E' un fiume in piena il numero 1 del Coni. "Io devo rinunciare a questo scudetto, ai cinque cerchi ed alla scritta Coni, il secondo marchio più prestigioso forse dopo la Ferrari, per un marchio che si chiama 'Sport e Salute', che se vai su internet ne trovi a centinaia. Ma vi rendete conto?" il suo sfogo che ha riscosso una standing ovation dal Consiglio nazionale. Ma bisogna rimanere ragionevoli, realisti non si devono fare battaglie inutili. Non c'è nessuna guerra. Ma non possiamo, in modo corretto, educato ed elegante, non raccontare la storia".

"Se questa riforma fosse iniziata a fine 2019 mi sarei dimesso contestualmente.
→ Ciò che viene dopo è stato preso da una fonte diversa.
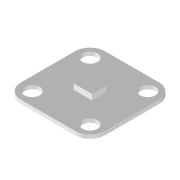
# Autodesk Inventor part: 00_AS5600_rotational_encoder_i2c
Saved by Autodesk Inventor 2022 (Build 260153000, 153)
## iProperties
Created: 2023-07-28
Part Number: 00_AS5600_rotational_encoder_i2c
Material: Generisch
Document SubType Name: Modeling
Designer: diederichbenedict
Density: 1 g/cm^3
Appearance: Vorgabe
Author: diederichbenedict
Autodesk Inventor part; units mm, degrees
ref_plane "YZ Plane" through (0, 0, 0) normal (1, 0, 0) x (0, 1, 0)
ref_plane "XZ Plane" through (0, 0, 0) normal (0, 1, 0) x (-1, 0, 0)
ref_plane "XY Plane" through (0, 0, 0) normal (0, 0, 1) x (1, 0, 0)
sketch "Skizze1" plane through (0, 0, 0) normal (0, 1, 0) x (-1, 0, 0)
  line L0 (7.25, -11.25) -> (-7.25, -11.25)
  line L1 (-11.25, -7.25) -> (-11.25, 7.25)
  line L2 (-7.25, 11.25) -> (7.25, 11.25)
  line L3 (11.25, 7.25) -> (11.25, -7.25)
  line L4 (11.25, -11.25) -> (-11.25, 11.25) construction
  line L5 (-11.25, -11.25) -> (11.25, 11.25) construction
  arc A0 (-7.25, 11.25) -> (-11.25, 7.25) centre (-7.25, 7.25) ccw
  arc A1 (11.25, 7.25) -> (7.25, 11.25) centre (7.25, 7.25) ccw
  arc A2 (7.25, -11.25) -> (11.25, -7.25) centre (7.25, -7.25) ccw
  arc A3 (-11.25, -7.25) -> (-7.25, -11.25) centre (-7.25, -7.25) ccw
  point P0 (0, 0)
  dimension "d0" = 22.5
  dimension "d1" = 22.5
  dimension "d2" = 4
  constraints: 12 end point, 8 point on circle, 8 point on line, 8 tangent, 4 centre point, 3 equal radius, 2 midpoint, 2 parallel, 1 horizontal, 1 perpendicular
  measures "d0" distance of L4.end L5.end
  measures "d1" distance of L5.start L4.end
  measures "d2" radius of A0
extrude "Extrusion1" add sketch "Skizze1" along normal blind 1
sketch "Skizze2" plane through (0, 1, 0) normal (0, 1, 0) x (1, 0, 0)
  line L0 (-7.25, -11.25) -> (7.25, -11.25) projected
  arc A0 (7.25, -11.25) -> (11.25, -7.25) centre (7.25, -7.25) ccw projected
  line L1 (11.25, -7.25) -> (11.25, 7.25) projected
  arc A1 (11.25, 7.25) -> (7.25, 11.25) centre (7.25, 7.25) ccw projected
  line L2 (7.25, 11.25) -> (-7.25, 11.25) projected
  arc A2 (-7.25, 11.25) -> (-11.25, 7.25) centre (-7.25, 7.25) ccw projected
  line L3 (-11.25, 7.25) -> (-11.25, -7.25) projected
  arc A3 (-11.25, -7.25) -> (-7.25, -11.25) centre (-7.25, -7.25) ccw projected
  line L4 (2.45, -1.9) -> (-2.45, -1.9)
  line L5 (-2.45, -1.9) -> (-2.45, 1.9)
  line L6 (-2.45, 1.9) -> (2.45, 1.9)
  line L7 (2.45, 1.9) -> (2.45, -1.9)
  line L8 (2.45, -1.9) -> (-2.45, 1.9) construction
  line L9 (-2.45, -1.9) -> (2.45, 1.9) construction
  point P0 (0, 0)
  dimension "d5" = 4.9
  dimension "d6" = 3.8
  constraints: 12 end point, 2 midpoint, 2 parallel, 1 horizontal, 1 perpendicular
  measures "d5" distance of L5.end L6.end
  measures "d6" distance of L4.end L5.end
extrude "Extrusion2" add sketch "Skizze2" along normal blind 1.5 contours L4 L5 L6 L7
sketch "Skizze3" plane through (0, 1, 0) normal (0, 1, 0) x (1, 0, 0)
  line L0 (2.45, 1.9) -> (2.45, -1.9) projected
  line L1 (2.45, -1.9) -> (-2.45, -1.9) projected
  line L2 (-2.45, -1.9) -> (-2.45, 1.9) projected
  line L3 (-2.45, 1.9) -> (2.45, 1.9) projected
  line L4 (-7.25, -11.25) -> (7.25, -11.25) projected
  arc A0 (7.25, -11.25) -> (11.25, -7.25) centre (7.25, -7.25) ccw projected
  line L5 (11.25, -7.25) -> (11.25, 7.25) projected
  arc A1 (11.25, 7.25) -> (7.25, 11.25) centre (7.25, 7.25) ccw projected
  line L6 (7.25, 11.25) -> (-7.25, 11.25) projected
  arc A2 (-7.25, 11.25) -> (-11.25, 7.25) centre (-7.25, 7.25) ccw projected
  line L7 (-11.25, 7.25) -> (-11.25, -7.25) projected
  arc A3 (-11.25, -7.25) -> (-7.25, -11.25) centre (-7.25, -7.25) ccw projected
  line L8 (-7.75, 7.75) -> (7.75, 7.75) construction
  line L9 (7.75, 7.75) -> (7.75, -7.75) construction
  line L10 (7.75, -7.75) -> (-7.75, -7.75) construction
  line L11 (-7.75, -7.75) -> (-7.75, 7.75) construction
  line L12 (-7.75, 7.75) -> (7.75, -7.75) construction
  line L13 (7.75, 7.75) -> (-7.75, -7.75) construction
  point P0 (0, 0)
  dimension "d9" = 15.5
  dimension "d10" = 15.5
  constraints: 12 end point, 4 coincident, 2 midpoint, 2 parallel, 1 horizontal, 1 perpendicular
  measures "d9" distance of L9.end L10.end
  measures "d10" distance of L8.end L9.end
hole "Bohrung1" at (7.75, 1, 7.75) at (-7.75, 1, 7.75) at (-7.75, 1, -7.75) at (7.75, 1, -7.75) direction (0, -1, 0) diameter 4 depth 3 tip angle 118
sketch "Skizze4" plane through (0, 0, 0) normal (0, -1, 0) x (1, 0, 0)
  circle A0 centre (0, 0) radius 2.2643
  constraints: 1 centre point, 1 coincident
extrude "Extrusion3" cut sketch "Skizze4" against normal blind 0.5

E se dico che mi dimetto mi dimetto, ma io non abbandono la mia barca a cinque mesi dalle Olimpiadi. Non lo faccio, ma c'è una profonda illogicità in questo documento". "Abbiamo fatto notare - ha poi precisato Malagò - che questa riforma non è applicabile nel 2019 e ci è stato risposto che è per il 2020: peggio mi sento, nell'anno delle Olimpiadi. Io sono stato eletto per essere presidente di un altro Coni: questo Coni non lo accetto. Il problema è mostruoso, clamoroso". "È un problema - ha concluso nel suo discorso durato quasi un'ora - che nessuno dei qui presenti e degli altri stakeholder meritava. Non so cosa succedera'. Ci aggiorneremo il piu' possibile e oggi oltre a dire viva lo sport e viva l'Italia, dico anche viva il Coni".

Nella bozza della legge di Bilancio, il governo gialloverde ha inserito un provvedimento che per lo sport italiano vale la rivoluzione: la cassa non più nelle mani del Coni ma in quelle della Sport e Salute spa — una nuova società pubblica guidata da un uomo del governo — che andrebbe a rottamare la controllata Coni Servizi. La neonata Sport e Salute spa sarebbe una sorta di ministero dello Sport con, in tasca, il portafoglio del Coni. In ballo ci sono centinaia di milioni. Con la rivoluzione firmata da Giorgetti, e spinta dal M5S, non si tocca il contributo del governo (416,9 milioni) che per legge non può scendere al di sotto di 410 milioni di euro, ma sono le proporzioni a ribaltarsi: sarebbe la Sport e Salute spa, cioè il governo stesso, a distribuire alle federazioni 370 milioni, ovvero il 90% del budget complessivo; mentre al Coni sarebbero garantiti 40 milioni per il suo funzionamento e la preparazione olimpica. Una riforma che depotenzia il Coni e mette in bilico l'indipendenza dello sport dalla politica, requisito base per il Comitato Olimpico Internazionale che le Olimpiadi le assegna. Con la candidatura di Milano-Cortina che perderebbe parecchi punti nella corsa all'assegnazione dei Giochi 2026.